Published online by Cambridge University Press:  26 April 2006

Douglas S. Finnicum
Affiliation:
Emulsion Coating Technologies, Eastman Kodak Company, Rochester, NY 14652-3701, USA
Steven J. Weinstein
Affiliation:
Emulsion Coating Technologies, Eastman Kodak Company, Rochester, NY 14652-3701, USA
Kenneth J. Ruschak
Affiliation:
Emulsion Coating Technologies, Eastman Kodak Company, Rochester, NY 14652-3701, USA

Abstract

The shape of a two-dimensional liquid curtain issuing from a slot and falling under the influence of gravity is predicted theoretically and verified experimentally for cases where a pressure is applied to the curtain.
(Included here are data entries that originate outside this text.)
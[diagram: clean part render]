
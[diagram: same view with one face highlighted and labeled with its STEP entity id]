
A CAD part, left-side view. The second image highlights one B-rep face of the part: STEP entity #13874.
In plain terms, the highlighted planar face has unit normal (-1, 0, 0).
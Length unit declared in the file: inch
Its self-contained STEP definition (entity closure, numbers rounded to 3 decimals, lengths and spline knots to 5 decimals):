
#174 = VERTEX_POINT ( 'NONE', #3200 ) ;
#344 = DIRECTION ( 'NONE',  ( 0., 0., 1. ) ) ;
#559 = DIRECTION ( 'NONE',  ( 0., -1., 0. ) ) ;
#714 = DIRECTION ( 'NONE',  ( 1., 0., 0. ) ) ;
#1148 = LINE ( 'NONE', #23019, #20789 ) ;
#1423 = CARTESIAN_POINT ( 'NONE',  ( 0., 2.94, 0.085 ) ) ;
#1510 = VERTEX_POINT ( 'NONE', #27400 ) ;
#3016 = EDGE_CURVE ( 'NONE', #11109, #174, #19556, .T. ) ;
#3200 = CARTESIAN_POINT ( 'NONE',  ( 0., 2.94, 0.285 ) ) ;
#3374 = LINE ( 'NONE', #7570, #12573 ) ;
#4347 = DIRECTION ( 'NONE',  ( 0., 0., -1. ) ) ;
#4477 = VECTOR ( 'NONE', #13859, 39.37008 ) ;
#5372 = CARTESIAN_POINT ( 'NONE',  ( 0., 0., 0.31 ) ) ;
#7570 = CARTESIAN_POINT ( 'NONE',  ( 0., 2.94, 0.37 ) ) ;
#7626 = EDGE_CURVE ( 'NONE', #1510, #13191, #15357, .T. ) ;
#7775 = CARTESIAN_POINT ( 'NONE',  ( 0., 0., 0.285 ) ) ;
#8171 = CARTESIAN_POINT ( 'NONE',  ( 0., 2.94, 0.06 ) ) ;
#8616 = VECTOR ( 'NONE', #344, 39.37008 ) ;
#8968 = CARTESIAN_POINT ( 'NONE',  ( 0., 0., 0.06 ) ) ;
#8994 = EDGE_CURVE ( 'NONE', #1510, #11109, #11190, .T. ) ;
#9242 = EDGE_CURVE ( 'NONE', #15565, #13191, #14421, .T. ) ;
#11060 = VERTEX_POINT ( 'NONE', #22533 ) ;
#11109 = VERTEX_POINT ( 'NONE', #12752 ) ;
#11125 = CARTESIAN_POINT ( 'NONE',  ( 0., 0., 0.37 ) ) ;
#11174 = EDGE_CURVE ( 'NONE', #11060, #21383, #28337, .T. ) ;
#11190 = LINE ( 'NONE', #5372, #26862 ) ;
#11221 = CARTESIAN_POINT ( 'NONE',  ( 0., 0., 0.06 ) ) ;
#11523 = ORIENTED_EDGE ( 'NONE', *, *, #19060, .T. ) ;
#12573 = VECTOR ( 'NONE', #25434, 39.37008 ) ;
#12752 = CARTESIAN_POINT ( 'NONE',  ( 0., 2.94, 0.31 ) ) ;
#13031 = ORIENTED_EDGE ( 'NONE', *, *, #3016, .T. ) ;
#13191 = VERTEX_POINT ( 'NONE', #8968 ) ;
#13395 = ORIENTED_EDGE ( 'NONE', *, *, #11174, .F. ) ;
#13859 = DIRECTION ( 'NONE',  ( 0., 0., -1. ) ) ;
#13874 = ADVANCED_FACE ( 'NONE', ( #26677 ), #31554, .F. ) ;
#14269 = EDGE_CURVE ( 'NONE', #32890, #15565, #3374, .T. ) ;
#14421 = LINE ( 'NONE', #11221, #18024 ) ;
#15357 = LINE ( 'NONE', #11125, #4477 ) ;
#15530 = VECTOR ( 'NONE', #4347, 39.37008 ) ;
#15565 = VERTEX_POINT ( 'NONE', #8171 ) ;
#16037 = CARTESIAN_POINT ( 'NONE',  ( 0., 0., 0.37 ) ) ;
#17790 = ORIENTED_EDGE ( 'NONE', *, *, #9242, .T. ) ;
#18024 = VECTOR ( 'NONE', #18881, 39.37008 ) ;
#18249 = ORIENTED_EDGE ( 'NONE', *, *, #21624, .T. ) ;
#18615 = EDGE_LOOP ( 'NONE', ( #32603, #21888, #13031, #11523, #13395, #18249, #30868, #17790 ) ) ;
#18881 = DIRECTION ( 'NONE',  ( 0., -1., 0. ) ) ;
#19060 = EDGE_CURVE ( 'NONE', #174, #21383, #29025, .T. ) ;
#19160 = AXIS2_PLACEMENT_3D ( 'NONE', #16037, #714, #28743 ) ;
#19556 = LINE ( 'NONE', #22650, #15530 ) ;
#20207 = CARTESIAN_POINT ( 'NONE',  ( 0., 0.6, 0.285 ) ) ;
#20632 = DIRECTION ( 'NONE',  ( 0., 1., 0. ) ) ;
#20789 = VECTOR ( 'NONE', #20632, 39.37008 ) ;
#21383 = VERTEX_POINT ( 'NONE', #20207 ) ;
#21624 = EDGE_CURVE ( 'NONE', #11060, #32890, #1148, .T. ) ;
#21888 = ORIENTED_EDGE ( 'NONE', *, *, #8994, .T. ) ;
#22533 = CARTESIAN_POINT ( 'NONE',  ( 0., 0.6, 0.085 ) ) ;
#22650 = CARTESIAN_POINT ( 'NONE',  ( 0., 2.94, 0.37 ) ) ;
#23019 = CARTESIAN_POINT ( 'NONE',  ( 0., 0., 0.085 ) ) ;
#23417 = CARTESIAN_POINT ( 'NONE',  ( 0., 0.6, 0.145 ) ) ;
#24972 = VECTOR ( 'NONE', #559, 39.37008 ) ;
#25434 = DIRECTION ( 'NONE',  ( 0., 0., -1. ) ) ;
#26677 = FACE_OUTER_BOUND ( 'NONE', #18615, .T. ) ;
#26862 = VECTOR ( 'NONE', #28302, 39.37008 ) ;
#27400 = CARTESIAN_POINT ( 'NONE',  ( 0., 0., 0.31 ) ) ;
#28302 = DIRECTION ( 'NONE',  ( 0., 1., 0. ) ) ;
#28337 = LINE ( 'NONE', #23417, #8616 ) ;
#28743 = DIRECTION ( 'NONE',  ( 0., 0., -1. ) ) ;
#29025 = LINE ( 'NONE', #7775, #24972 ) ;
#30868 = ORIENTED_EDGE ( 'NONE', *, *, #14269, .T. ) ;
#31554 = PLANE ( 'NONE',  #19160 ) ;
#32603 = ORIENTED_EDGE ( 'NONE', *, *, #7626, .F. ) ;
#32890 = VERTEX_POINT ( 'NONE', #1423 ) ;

A set of approximate equations is derived which governs the location of the curtain for a liquid having surface tension σ, density ρ, volumetric flow per unit width Q, and local free-fall velocity V. These equations possess a singularity at the point where the local Weber number, We = ρQV/2σ, is equal to 1. Despite the fact that previous work on the stability of two-dimensional curtains shows that curtains having locations where We < 1 are unstable to small disturbances, our experiments show that these curtains can exist over a wide range of flow conditions. Thus, it is necessary to consider how the singularity is resolved when a pressure is applied.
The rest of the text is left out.